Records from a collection
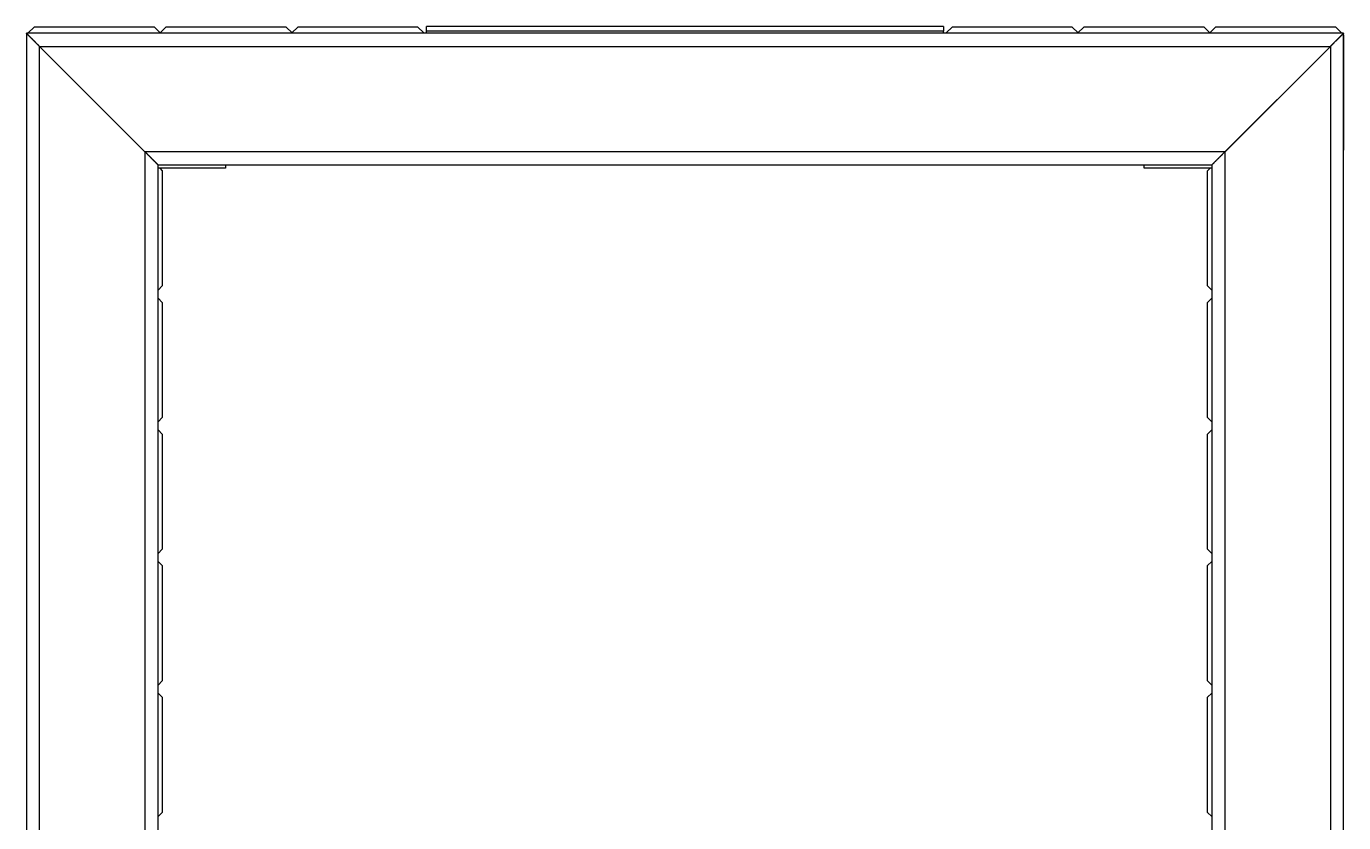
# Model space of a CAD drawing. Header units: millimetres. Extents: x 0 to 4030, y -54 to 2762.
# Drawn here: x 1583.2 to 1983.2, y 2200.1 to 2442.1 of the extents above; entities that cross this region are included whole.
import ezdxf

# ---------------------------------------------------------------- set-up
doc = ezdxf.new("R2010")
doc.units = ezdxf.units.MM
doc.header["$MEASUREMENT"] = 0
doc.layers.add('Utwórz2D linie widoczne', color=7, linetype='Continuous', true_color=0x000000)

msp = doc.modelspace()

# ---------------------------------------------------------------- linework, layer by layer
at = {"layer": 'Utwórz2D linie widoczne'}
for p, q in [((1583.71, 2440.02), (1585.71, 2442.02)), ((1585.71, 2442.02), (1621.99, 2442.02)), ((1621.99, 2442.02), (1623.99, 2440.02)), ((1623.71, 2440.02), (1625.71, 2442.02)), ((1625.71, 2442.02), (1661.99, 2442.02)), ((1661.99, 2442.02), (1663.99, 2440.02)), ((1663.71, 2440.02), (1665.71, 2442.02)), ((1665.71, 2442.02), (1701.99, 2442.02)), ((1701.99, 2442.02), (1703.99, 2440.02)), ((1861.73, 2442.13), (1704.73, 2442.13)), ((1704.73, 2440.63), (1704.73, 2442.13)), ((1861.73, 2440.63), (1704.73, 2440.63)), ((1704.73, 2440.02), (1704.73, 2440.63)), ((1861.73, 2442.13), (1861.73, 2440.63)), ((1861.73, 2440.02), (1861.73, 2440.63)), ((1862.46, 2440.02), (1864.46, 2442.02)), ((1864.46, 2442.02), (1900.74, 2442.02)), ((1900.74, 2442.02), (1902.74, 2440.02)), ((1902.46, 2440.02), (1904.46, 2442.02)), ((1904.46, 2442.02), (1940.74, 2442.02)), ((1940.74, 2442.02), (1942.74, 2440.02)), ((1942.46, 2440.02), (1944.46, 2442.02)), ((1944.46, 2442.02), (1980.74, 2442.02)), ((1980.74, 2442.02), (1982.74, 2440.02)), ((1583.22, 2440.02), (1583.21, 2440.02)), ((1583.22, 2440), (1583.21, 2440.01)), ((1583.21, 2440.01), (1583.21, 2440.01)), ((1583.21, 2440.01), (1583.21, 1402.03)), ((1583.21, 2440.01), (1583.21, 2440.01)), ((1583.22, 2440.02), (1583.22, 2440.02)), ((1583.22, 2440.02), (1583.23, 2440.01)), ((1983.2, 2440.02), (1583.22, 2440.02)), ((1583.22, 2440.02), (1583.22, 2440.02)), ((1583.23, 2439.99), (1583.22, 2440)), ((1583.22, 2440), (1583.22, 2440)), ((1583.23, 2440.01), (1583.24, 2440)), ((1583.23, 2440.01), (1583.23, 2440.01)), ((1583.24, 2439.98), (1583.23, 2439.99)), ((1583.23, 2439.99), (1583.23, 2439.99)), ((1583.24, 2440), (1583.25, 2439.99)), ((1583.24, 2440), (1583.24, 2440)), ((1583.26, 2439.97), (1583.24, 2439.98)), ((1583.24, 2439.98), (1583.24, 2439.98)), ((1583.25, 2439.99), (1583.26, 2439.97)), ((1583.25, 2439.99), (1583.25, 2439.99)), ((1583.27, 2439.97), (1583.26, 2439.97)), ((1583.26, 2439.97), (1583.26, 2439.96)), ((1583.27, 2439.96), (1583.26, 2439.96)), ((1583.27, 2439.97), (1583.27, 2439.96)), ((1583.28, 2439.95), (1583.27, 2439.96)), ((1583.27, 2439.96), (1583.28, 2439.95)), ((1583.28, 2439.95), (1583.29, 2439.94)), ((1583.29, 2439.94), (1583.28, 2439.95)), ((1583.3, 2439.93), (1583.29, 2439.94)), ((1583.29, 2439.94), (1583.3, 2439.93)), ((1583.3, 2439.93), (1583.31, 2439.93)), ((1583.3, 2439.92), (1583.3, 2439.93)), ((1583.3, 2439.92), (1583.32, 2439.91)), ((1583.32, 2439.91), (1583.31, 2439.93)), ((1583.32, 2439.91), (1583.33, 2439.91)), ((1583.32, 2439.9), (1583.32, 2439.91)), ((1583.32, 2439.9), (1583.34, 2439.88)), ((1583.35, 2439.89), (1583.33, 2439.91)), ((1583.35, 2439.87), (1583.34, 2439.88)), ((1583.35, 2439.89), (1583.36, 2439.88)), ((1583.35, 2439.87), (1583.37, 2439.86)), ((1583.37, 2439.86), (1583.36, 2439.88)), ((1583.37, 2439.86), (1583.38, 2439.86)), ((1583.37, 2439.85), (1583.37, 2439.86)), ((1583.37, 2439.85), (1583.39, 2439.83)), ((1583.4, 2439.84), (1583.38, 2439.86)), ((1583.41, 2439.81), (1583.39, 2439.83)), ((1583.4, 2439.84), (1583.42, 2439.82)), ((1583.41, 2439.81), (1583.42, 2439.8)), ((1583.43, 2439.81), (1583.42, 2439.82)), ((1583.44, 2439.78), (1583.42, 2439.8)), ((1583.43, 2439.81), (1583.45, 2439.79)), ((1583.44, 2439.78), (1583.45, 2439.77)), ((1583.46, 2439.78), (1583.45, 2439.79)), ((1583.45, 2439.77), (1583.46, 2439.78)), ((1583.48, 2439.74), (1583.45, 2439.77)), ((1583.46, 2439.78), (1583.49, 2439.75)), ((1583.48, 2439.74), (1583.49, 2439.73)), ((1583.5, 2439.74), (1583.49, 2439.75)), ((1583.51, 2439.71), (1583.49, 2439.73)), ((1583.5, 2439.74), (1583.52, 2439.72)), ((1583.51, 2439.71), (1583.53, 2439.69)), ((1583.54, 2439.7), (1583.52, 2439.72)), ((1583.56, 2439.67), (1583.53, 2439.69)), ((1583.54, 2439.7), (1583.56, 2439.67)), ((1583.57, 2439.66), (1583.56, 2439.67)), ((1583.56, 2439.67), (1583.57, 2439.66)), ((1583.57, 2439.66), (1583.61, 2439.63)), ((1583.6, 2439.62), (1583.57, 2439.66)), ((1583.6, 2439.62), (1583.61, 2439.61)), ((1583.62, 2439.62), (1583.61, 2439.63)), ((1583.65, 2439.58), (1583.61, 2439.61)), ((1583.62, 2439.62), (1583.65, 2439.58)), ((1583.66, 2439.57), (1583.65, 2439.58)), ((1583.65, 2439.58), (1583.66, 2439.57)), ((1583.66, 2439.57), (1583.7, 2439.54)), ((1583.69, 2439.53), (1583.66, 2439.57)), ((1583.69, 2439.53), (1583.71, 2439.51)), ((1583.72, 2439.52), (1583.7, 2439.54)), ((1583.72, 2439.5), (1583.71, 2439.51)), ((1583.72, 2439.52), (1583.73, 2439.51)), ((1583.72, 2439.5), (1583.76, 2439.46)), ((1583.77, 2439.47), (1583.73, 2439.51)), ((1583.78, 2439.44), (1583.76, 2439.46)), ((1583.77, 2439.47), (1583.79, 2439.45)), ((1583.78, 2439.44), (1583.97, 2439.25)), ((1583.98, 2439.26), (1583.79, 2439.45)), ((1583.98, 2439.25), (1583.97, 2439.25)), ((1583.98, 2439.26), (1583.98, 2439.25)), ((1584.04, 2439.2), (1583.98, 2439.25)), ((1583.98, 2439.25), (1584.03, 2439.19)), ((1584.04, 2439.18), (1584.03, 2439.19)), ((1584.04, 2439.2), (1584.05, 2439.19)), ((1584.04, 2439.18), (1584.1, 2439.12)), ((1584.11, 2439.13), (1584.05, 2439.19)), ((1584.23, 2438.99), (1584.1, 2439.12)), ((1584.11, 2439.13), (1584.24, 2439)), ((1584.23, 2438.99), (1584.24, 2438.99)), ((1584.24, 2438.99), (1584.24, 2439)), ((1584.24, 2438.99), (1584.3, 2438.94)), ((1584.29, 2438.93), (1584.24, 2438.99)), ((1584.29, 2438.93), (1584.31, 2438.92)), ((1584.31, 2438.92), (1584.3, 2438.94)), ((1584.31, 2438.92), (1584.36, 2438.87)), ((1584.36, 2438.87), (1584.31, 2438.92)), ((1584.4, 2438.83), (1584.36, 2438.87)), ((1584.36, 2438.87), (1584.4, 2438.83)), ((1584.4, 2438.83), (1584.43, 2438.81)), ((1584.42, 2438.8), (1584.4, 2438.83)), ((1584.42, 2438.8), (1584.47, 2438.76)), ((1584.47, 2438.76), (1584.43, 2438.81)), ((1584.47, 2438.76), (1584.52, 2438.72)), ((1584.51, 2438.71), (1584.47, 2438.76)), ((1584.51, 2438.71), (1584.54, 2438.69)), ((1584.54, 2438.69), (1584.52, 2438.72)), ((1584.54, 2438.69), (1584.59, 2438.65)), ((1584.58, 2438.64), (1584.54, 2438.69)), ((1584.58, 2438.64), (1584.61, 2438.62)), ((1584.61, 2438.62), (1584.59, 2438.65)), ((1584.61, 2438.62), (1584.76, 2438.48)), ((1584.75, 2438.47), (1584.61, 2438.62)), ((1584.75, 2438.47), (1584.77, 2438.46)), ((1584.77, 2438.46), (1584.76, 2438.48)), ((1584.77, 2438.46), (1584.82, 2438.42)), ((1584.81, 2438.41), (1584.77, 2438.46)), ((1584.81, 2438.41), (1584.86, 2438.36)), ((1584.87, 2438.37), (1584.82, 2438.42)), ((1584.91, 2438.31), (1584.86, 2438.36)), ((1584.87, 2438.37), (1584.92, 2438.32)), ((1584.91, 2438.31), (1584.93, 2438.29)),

**Exercise**
Among the entries, how many lines hold the string "linie"? Answer with a bare number.

**Result of this exercise**
2